Am Rohölmarkt drückte neben der Rezessionsangst auch der Preiskrieg zwischen Saudi-Arabien und Russland auf die Kurse. Dies ließ den Preis der Sorte Brent aus der Nordsee zeitweise fast 13 Prozent ins Minus rutschen auf ein Vier-Jahres-Tief von 29,52 Dollar je Barrel (159 Liter). Dadurch werde die Lage vor allem für US-Schieferölförderer kritisch, warnte Analyst Jeffrey Halley vom Brokerhaus Oanda. Die Regierung in Washington werde wohl eher früher als später ein Rettungsprogramm für die hoch verschuldete Branche auflegen müssen.
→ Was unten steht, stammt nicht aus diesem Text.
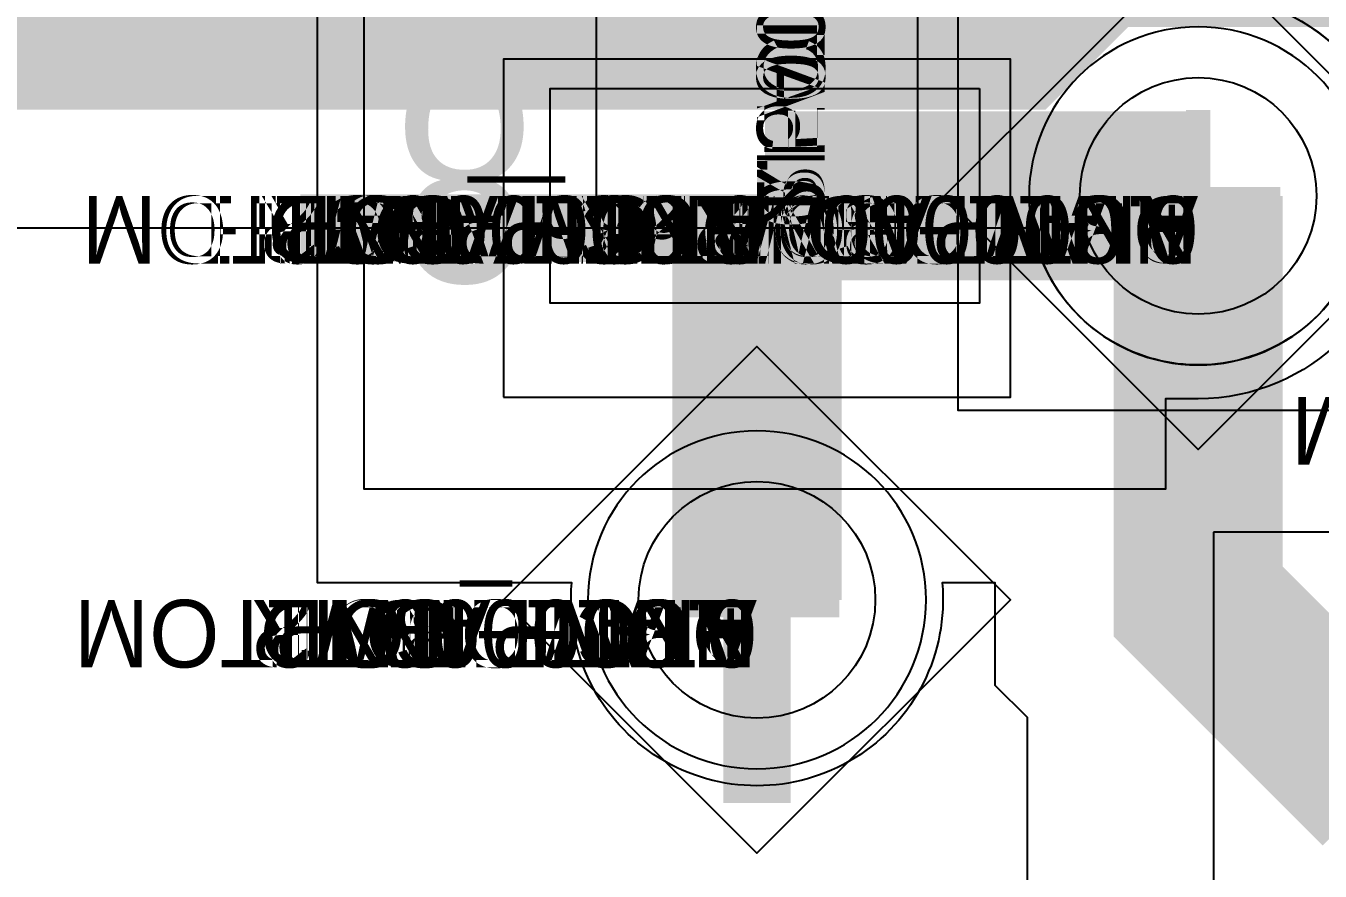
# Model space of a CAD drawing. Extents: x 0 to 323, y 0 to 320.
# Drawn here: x 102.65 to 106.478, y 173.203 to 175.704 of the extents above; entities that cross this region are included whole.
import ezdxf
from ezdxf.enums import TextEntityAlignment as Align

# ---------------------------------------------------------------- set-up
doc = ezdxf.new("R2010")
doc.units = 0
doc.header["$MEASUREMENT"] = 0
doc.layers.get('0').update_dxf_attribs({"linetype": 'CONTINUOUS'})
for name, color, linetype in [('CDN_FIGURES', 7, 'CONTINUOUS'), ('ETCH_BOTTOM', 7, 'CONTINUOUS'), ('ETCH_GND', 3, 'CONTINUOUS'), ('ETCH_INT1', 4, 'CONTINUOUS'), ('ETCH_INT2', 5, 'CONTINUOUS'), ('ETCH_PWR', 6, 'CONTINUOUS'), ('ETCH_TOP', 2, 'CONTINUOUS'), ('MANUFACTURING_NCLEGEND-1-6', 8, 'CONTINUOUS'), ('PACKAGE_GEOMETRY_ASSEMBLY_TOP', 11, 'CONTINUOUS'), ('PACKAGE_GEOMETRY_PIN_NUMBER', 9, 'CONTINUOUS')]:
    doc.layers.add(name, color=color, linetype=linetype)

# ---------------------------------------------------------------- blocks, each defined once
blk = doc.blocks.new('PAD_INFO')
for tag in ['SHAPE_TYPE', 'PAD_HEIGHT', 'PAD_LAYER', 'PAD_TYPE', 'PAD_WIDTH']:
    blk.add_attdef(tag, (0, 0), '', height=0.2)
at = {"flags": 2}
blk.add_attdef('CDN_TYPE', (0, 0), '', height=0.2, dxfattribs=at)
blk = doc.blocks.new('DRILL_INFO')
at = {"flags": 2}
blk.add_attdef('CDN_TYPE', (0, 0), '', height=0.2, dxfattribs=at)
for tag in ['FSHAPE', 'FCHAR', 'DRILL_HEIGHT', 'DIAMETER', 'PLATED', 'DRILL_WIDTH']:
    blk.add_attdef(tag, (0, 0), '', height=0.2)
blk = doc.blocks.new('VIA0700X0300')
at = {"layer": 'ETCH_BOTTOM'}
blk.add_circle((0, 0), 0.35, dxfattribs=at)
at = {"layer": 'ETCH_GND'}
blk.add_circle((0, 0), 0.35, dxfattribs=at)
at = {"layer": 'ETCH_INT1'}
blk.add_circle((0, 0), 0.35, dxfattribs=at)
at = {"layer": 'ETCH_INT2'}
blk.add_circle((0, 0), 0.35, dxfattribs=at)
at = {"layer": 'ETCH_PWR'}
blk.add_circle((0, 0), 0.35, dxfattribs=at)
at = {"layer": 'ETCH_TOP'}
blk.add_circle((0, 0), 0.35, dxfattribs=at)
ref = blk.add_blockref('PAD_INFO', (0, 0))
ref.add_attrib('PAD_LAYER', 'ETCH_TOP', (0, 0), dxfattribs={"height": 0.2})
ref.add_attrib('SHAPE_TYPE', 'NULL', (0, 0), dxfattribs={"height": 0.2})
ref.add_attrib('PAD_TYPE', 'ANTIPAD', (0, 0), dxfattribs={"height": 0.2})
ref.add_attrib('PAD_WIDTH', '0.000000', (0, 0), dxfattribs={"height": 0.2})
ref.add_attrib('PAD_HEIGHT', '0.000000', (0, 0), dxfattribs={"height": 0.2})
ref = blk.add_blockref('PAD_INFO', (0, 0))
ref.add_attrib('PAD_LAYER', 'ETCH_GND', (0, 0), dxfattribs={"height": 0.2})
ref.add_attrib('SHAPE_TYPE', 'NULL', (0, 0), dxfattribs={"height": 0.2})
ref.add_attrib('PAD_TYPE', 'ANTIPAD', (0, 0), dxfattribs={"height": 0.2})
ref.add_attrib('PAD_WIDTH', '0.000000', (0, 0), dxfattribs={"height": 0.2})
ref.add_attrib('PAD_HEIGHT', '0.000000', (0, 0), dxfattribs={"height": 0.2})
ref = blk.add_blockref('PAD_INFO', (0, 0))
ref.add_attrib('PAD_LAYER', 'ETCH_INT1', (0, 0), dxfattribs={"height": 0.2})
ref.add_attrib('SHAPE_TYPE', 'NULL', (0, 0), dxfattribs={"height": 0.2})
ref.add_attrib('PAD_TYPE', 'ANTIPAD', (0, 0), dxfattribs={"height": 0.2})
ref.add_attrib('PAD_WIDTH', '0.000000', (0, 0), dxfattribs={"height": 0.2})
ref.add_attrib('PAD_HEIGHT', '0.000000', (0, 0), dxfattribs={"height": 0.2})
ref = blk.add_blockref('PAD_INFO', (0, 0))
ref.add_attrib('PAD_LAYER', 'ETCH_INT2', (0, 0), dxfattribs={"height": 0.2})
ref.add_attrib('SHAPE_TYPE', 'NULL', (0, 0), dxfattribs={"height": 0.2})
ref.add_attrib('PAD_TYPE', 'ANTIPAD', (0, 0), dxfattribs={"height": 0.2})
ref.add_attrib('PAD_WIDTH', '0.000000', (0, 0), dxfattribs={"height": 0.2})
ref.add_attrib('PAD_HEIGHT', '0.000000', (0, 0), dxfattribs={"height": 0.2})
ref = blk.add_blockref('PAD_INFO', (0, 0))
ref.add_attrib('PAD_LAYER', 'ETCH_PWR', (0, 0), dxfattribs={"height": 0.2})
ref.add_attrib('SHAPE_TYPE', 'NULL', (0, 0), dxfattribs={"height": 0.2})
ref.add_attrib('PAD_TYPE', 'ANTIPAD', (0, 0), dxfattribs={"height": 0.2})
ref.add_attrib('PAD_WIDTH', '0.000000', (0, 0), dxfattribs={"height": 0.2})
ref.add_attrib('PAD_HEIGHT', '0.000000', (0, 0), dxfattribs={"height": 0.2})
ref = blk.add_blockref('PAD_INFO', (0, 0))
ref.add_attrib('PAD_LAYER', 'ETCH_BOTTOM', (0, 0), dxfattribs={"height": 0.2})
ref.add_attrib('SHAPE_TYPE', 'NULL', (0, 0), dxfattribs={"height": 0.2})
ref.add_attrib('PAD_TYPE', 'ANTIPAD', (0, 0), dxfattribs={"height": 0.2})
ref.add_attrib('PAD_WIDTH', '0.000000', (0, 0), dxfattribs={"height": 0.2})
ref.add_attrib('PAD_HEIGHT', '0.000000', (0, 0), dxfattribs={"height": 0.2})
ref = blk.add_blockref('PAD_INFO', (0, 0))
ref.add_attrib('PAD_LAYER', 'ETCH_TOP', (0, 0), dxfattribs={"height": 0.2})
ref.add_attrib('SHAPE_TYPE', 'NULL', (0, 0), dxfattribs={"height": 0.2})
ref.add_attrib('PAD_TYPE', 'THERMAL', (0, 0), dxfattribs={"height": 0.2})
ref.add_attrib('PAD_WIDTH', '0.000000', (0, 0), dxfattribs={"height": 0.2})
ref.add_attrib('PAD_HEIGHT', '0.000000', (0, 0), dxfattribs={"height": 0.2})
ref = blk.add_blockref('PAD_INFO', (0, 0))
ref.add_attrib('PAD_LAYER', 'ETCH_GND', (0, 0), dxfattribs={"height": 0.2})
ref.add_attrib('SHAPE_TYPE', 'NULL', (0, 0), dxfattribs={"height": 0.2})
ref.add_attrib('PAD_TYPE', 'THERMAL', (0, 0), dxfattribs={"height": 0.2})
ref.add_attrib('PAD_WIDTH', '0.000000', (0, 0), dxfattribs={"height": 0.2})
ref.add_attrib('PAD_HEIGHT', '0.000000', (0, 0), dxfattribs={"height": 0.2})
ref = blk.add_blockref('PAD_INFO', (0, 0))
ref.add_attrib('PAD_LAYER', 'ETCH_INT1', (0, 0), dxfattribs={"height": 0.2})
ref.add_attrib('SHAPE_TYPE', 'NULL', (0, 0), dxfattribs={"height": 0.2})
ref.add_attrib('PAD_TYPE', 'THERMAL', (0, 0), dxfattribs={"height": 0.2})
ref.add_attrib('PAD_WIDTH', '0.000000', (0, 0), dxfattribs={"height": 0.2})
ref.add_attrib('PAD_HEIGHT', '0.000000', (0, 0), dxfattribs={"height": 0.2})
ref = blk.add_blockref('PAD_INFO', (0, 0))
ref.add_attrib('PAD_LAYER', 'ETCH_INT2', (0, 0), dxfattribs={"height": 0.2})
ref.add_attrib('SHAPE_TYPE', 'NULL', (0, 0), dxfattribs={"height": 0.2})
ref.add_attrib('PAD_TYPE', 'THERMAL', (0, 0), dxfattribs={"height": 0.2})
ref.add_attrib('PAD_WIDTH', '0.000000', (0, 0), dxfattribs={"height": 0.2})
ref.add_attrib('PAD_HEIGHT', '0.000000', (0, 0), dxfattribs={"height": 0.2})
ref = blk.add_blockref('PAD_INFO', (0, 0))
ref.add_attrib('PAD_LAYER', 'ETCH_PWR', (0, 0), dxfattribs={"height": 0.2})
ref.add_attrib('SHAPE_TYPE', 'NULL', (0, 0), dxfattribs={"height": 0.2})
ref.add_attrib('PAD_TYPE', 'THERMAL', (0, 0), dxfattribs={"height": 0.2})
ref.add_attrib('PAD_WIDTH', '0.000000', (0, 0), dxfattribs={"height": 0.2})
ref.add_attrib('PAD_HEIGHT', '0.000000', (0, 0), dxfattribs={"height": 0.2})
ref = blk.add_blockref('PAD_INFO', (0, 0))
ref.add_attrib('PAD_LAYER', 'ETCH_BOTTOM', (0, 0), dxfattribs={"height": 0.2})
ref.add_attrib('SHAPE_TYPE', 'NULL', (0, 0), dxfattribs={"height": 0.2})
ref.add_attrib('PAD_TYPE', 'THERMAL', (0, 0), dxfattribs={"height": 0.2})
ref.add_attrib('PAD_WIDTH', '0.000000', (0, 0), dxfattribs={"height": 0.2})
ref.add_attrib('PAD_HEIGHT', '0.000000', (0, 0), dxfattribs={"height": 0.2})
ref = blk.add_blockref('PAD_INFO', (0, 0))
ref.add_attrib('PAD_LAYER', 'ETCH_TOP', (0, 0), dxfattribs={"height": 0.2})
ref.add_attrib('SHAPE_TYPE', 'CIRCLE', (0, 0), dxfattribs={"height": 0.2})
ref.add_attrib('PAD_TYPE', 'REGULAR', (0, 0), dxfattribs={"height": 0.2})
ref.add_attrib('PAD_WIDTH', '0.700000', (0, 0), dxfattribs={"height": 0.2})
ref.add_attrib('PAD_HEIGHT', '0.700000', (0, 0), dxfattribs={"height": 0.2})
ref = blk.add_blockref('PAD_INFO', (0, 0))
ref.add_attrib('PAD_LAYER', 'ETCH_GND', (0, 0), dxfattribs={"height": 0.2})
ref.add_attrib('SHAPE_TYPE', 'CIRCLE', (0, 0), dxfattribs={"height": 0.2})
ref.add_attrib('PAD_TYPE', 'REGULAR', (0, 0), dxfattribs={"height": 0.2})
ref.add_attrib('PAD_WIDTH', '0.700000', (0, 0), dxfattribs={"height": 0.2})
ref.add_attrib('PAD_HEIGHT', '0.700000', (0, 0), dxfattribs={"height": 0.2})
ref = blk.add_blockref('PAD_INFO', (0, 0))
ref.add_attrib('PAD_LAYER', 'ETCH_INT1', (0, 0), dxfattribs={"height": 0.2})
ref.add_attrib('SHAPE_TYPE', 'CIRCLE', (0, 0), dxfattribs={"height": 0.2})
ref.add_attrib('PAD_TYPE', 'REGULAR', (0, 0), dxfattribs={"height": 0.2})
ref.add_attrib('PAD_WIDTH', '0.700000', (0, 0), dxfattribs={"height": 0.2})
ref.add_attrib('PAD_HEIGHT', '0.700000', (0, 0), dxfattribs={"height": 0.2})
ref = blk.add_blockref('PAD_INFO', (0, 0))
ref.add_attrib('PAD_LAYER', 'ETCH_INT2', (0, 0), dxfattribs={"height": 0.2})
ref.add_attrib('SHAPE_TYPE', 'CIRCLE', (0, 0), dxfattribs={"height": 0.2})
ref.add_attrib('PAD_TYPE', 'REGULAR', (0, 0), dxfattribs={"height": 0.2})
ref.add_attrib('PAD_WIDTH', '0.700000', (0, 0), dxfattribs={"height": 0.2})
ref.add_attrib('PAD_HEIGHT', '0.700000', (0, 0), dxfattribs={"height": 0.2})
ref = blk.add_blockref('PAD_INFO', (0, 0))
ref.add_attrib('PAD_LAYER', 'ETCH_PWR', (0, 0), dxfattribs={"height": 0.2})
ref.add_attrib('SHAPE_TYPE', 'CIRCLE', (0, 0), dxfattribs={"height": 0.2})
ref.add_attrib('PAD_TYPE', 'REGULAR', (0, 0), dxfattribs={"height": 0.2})
ref.add_attrib('PAD_WIDTH', '0.700000', (0, 0), dxfattribs={"height": 0.2})
ref.add_attrib('PAD_HEIGHT', '0.700000', (0, 0), dxfattribs={"height": 0.2})
ref = blk.add_blockref('PAD_INFO', (0, 0))
ref.add_attrib('PAD_LAYER', 'ETCH_BOTTOM', (0, 0), dxfattribs={"height": 0.2})
ref.add_attrib('SHAPE_TYPE', 'CIRCLE', (0, 0), dxfattribs={"height": 0.2})
ref.add_attrib('PAD_TYPE', 'REGULAR', (0, 0), dxfattribs={"height": 0.2})
ref.add_attrib('PAD_WIDTH', '0.700000', (0, 0), dxfattribs={"height": 0.2})
ref.add_attrib('PAD_HEIGHT', '0.700000', (0, 0), dxfattribs={"height": 0.2})
ref = blk.add_blockref('DRILL_INFO', (0, 0))
ref.add_attrib('DIAMETER', '0.300000', (0, 0), dxfattribs={"height": 0.2})
ref.add_attrib('PLATED', 'PLATED', (0, 0), dxfattribs={"height": 0.2})
ref.add_attrib('FSHAPE', 'DIAMOND', (0, 0), dxfattribs={"height": 0.2})
ref.add_attrib('FCHAR', '+', (0, 0), dxfattribs={"height": 0.2})
ref.add_attrib('DRILL_WIDTH', '1.500000', (0, 0), dxfattribs={"height": 0.2})
ref.add_attrib('DRILL_HEIGHT', '1.500000', (0, 0), dxfattribs={"height": 0.2})
for tag in ['CDN_TYPE', 'PIN']:
    blk.add_attdef(tag, (0, 0), '', height=0.2)
at = {"flags": 2}
for tag in ['PSTKNAME', 'BBV']:
    blk.add_attdef(tag, (0, 0), '', height=0.2, dxfattribs=at)
blk = doc.blocks.new('FIGURE_DIAMOND')
at = {"layer": 'CDN_FIGURES'}
blk.add_lwpolyline([(-0.5, 0), (0, 0.5), (0.5, 0), (0, -0.5)], close=True, dxfattribs=at)
blk = doc.blocks.new('SMD50_25')
at = {"layer": 'ETCH_TOP'}
blk.add_lwpolyline([(-0.635, -0.3175), (-0.635, 0.3175), (0.635, 0.3175), (0.635, -0.3175)], close=True, dxfattribs=at)
ref = blk.add_blockref('PAD_INFO', (0, 0))
ref.add_attrib('PAD_LAYER', 'ETCH_TOP', (0, 0), dxfattribs={"height": 0.2})
ref.add_attrib('SHAPE_TYPE', 'NULL', (0, 0), dxfattribs={"height": 0.2})
ref.add_attrib('PAD_TYPE', 'ANTIPAD', (0, 0), dxfattribs={"height": 0.2})
ref.add_attrib('PAD_WIDTH', '0.000000', (0, 0), dxfattribs={"height": 0.2})
ref.add_attrib('PAD_HEIGHT', '0.000000', (0, 0), dxfattribs={"height": 0.2})
ref = blk.add_blockref('PAD_INFO', (0, 0))
ref.add_attrib('PAD_LAYER', 'ETCH_GND', (0, 0), dxfattribs={"height": 0.2})
ref.add_attrib('SHAPE_TYPE', 'NULL', (0, 0), dxfattribs={"height": 0.2})
ref.add_attrib('PAD_TYPE', 'ANTIPAD', (0, 0), dxfattribs={"height": 0.2})
ref.add_attrib('PAD_WIDTH', '0.000000', (0, 0), dxfattribs={"height": 0.2})
ref.add_attrib('PAD_HEIGHT', '0.000000', (0, 0), dxfattribs={"height": 0.2})
ref = blk.add_blockref('PAD_INFO', (0, 0))
ref.add_attrib('PAD_LAYER', 'ETCH_INT1', (0, 0), dxfattribs={"height": 0.2})
ref.add_attrib('SHAPE_TYPE', 'NULL', (0, 0), dxfattribs={"height": 0.2})
ref.add_attrib('PAD_TYPE', 'ANTIPAD', (0, 0), dxfattribs={"height": 0.2})
ref.add_attrib('PAD_WIDTH', '0.000000', (0, 0), dxfattribs={"height": 0.2})
ref.add_attrib('PAD_HEIGHT', '0.000000', (0, 0), dxfattribs={"height": 0.2})
ref = blk.add_blockref('PAD_INFO', (0, 0))
ref.add_attrib('PAD_LAYER', 'ETCH_INT2', (0, 0), dxfattribs={"height": 0.2})
ref.add_attrib('SHAPE_TYPE', 'NULL', (0, 0), dxfattribs={"height": 0.2})
ref.add_attrib('PAD_TYPE', 'ANTIPAD', (0, 0), dxfattribs={"height": 0.2})
ref.add_attrib('PAD_WIDTH', '0.000000', (0, 0), dxfattribs={"height": 0.2})
ref.add_attrib('PAD_HEIGHT', '0.000000', (0, 0), dxfattribs={"height": 0.2})
ref = blk.add_blockref('PAD_INFO', (0, 0))
ref.add_attrib('PAD_LAYER', 'ETCH_PWR', (0, 0), dxfattribs={"height": 0.2})
ref.add_attrib('SHAPE_TYPE', 'NULL', (0, 0), dxfattribs={"height": 0.2})
ref.add_attrib('PAD_TYPE', 'ANTIPAD', (0, 0), dxfattribs={"height": 0.2})
ref.add_attrib('PAD_WIDTH', '0.000000', (0, 0), dxfattribs={"height": 0.2})
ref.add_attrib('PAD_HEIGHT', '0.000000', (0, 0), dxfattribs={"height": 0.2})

Wegen des technisch aufwendigen Fracking-Verfahrens arbeiten diese Firmen Experten zufolge erst ab einem Ölpreis von 45 bis 50 Dollar profitabel. Eine Reihe von Firmen der Branche schraubten ihre Investitionen herunter. Aktien von US-Schieferölförderern wie Occidental oder Apache verloren bis zu knapp einem Fünftel. Auch die Titel von größeren Firmen der Branche brachen ein: Die Papiere von Chevron und Exxon Mobil verloren bis zu zehn Prozent, in Europa sackten Total-, BP und Shell-Aktien bis zu 7,6 Prozent ab.

Auch Bankaktien kamen in den USA unter die Räder. Die Absenkung des Schlüsselsatzes auf praktisch null Prozent binnen zwei Wochen werde die Gewinne der Institute schmälern, prognostizierten die Experten des Vermögensberaters Raymond James. Die Papiere von Citigroup, JPMorgan und Bank of America brachen bis zu 17 Prozent ein.

Tui-Aktie stürzt ab

Zudem litten die Touristikwerte erneut wegen der internationalen Reisebeschränkungen. Der europäische Branchenindex brach zeitweise um mehr als 16 Prozent ein, so stark wie nie zuvor. Tui-Titel stürzten sogar um 40 Prozent auf ein Rekordtief von 2,42 Euro ab. Der Reisekonzern beantragte wegen wegbrechender Buchungen Staatshilfe. Zum Corona-Krisentreffen der Bundesregierung mit Vertretern der Luftfahrtbranche fielen die Aktien von Lufthansa, Air-France-KLM und der British-Airways-Mutter IAG sowie der Billig-Flieger Ryanair und EasyJet um bis zu einem Drittel.

Gefragt waren dagegen die Titel von Drägerwerk, die mit einem Plus von zeitweise knapp 68 Prozent den größten Kurssprung der Firmengeschichte verbuchten und noch ein Fünftel fester schlossen. Am Freitag hatte die Bundesregierung 10.000 Beatmungsgeräte bei der Medizintechnik-Firma bestellt. Auch andere Länder reißen sich um solche Apparate, die zur Behandlung von Coronavirus-Patienten benötigt werden.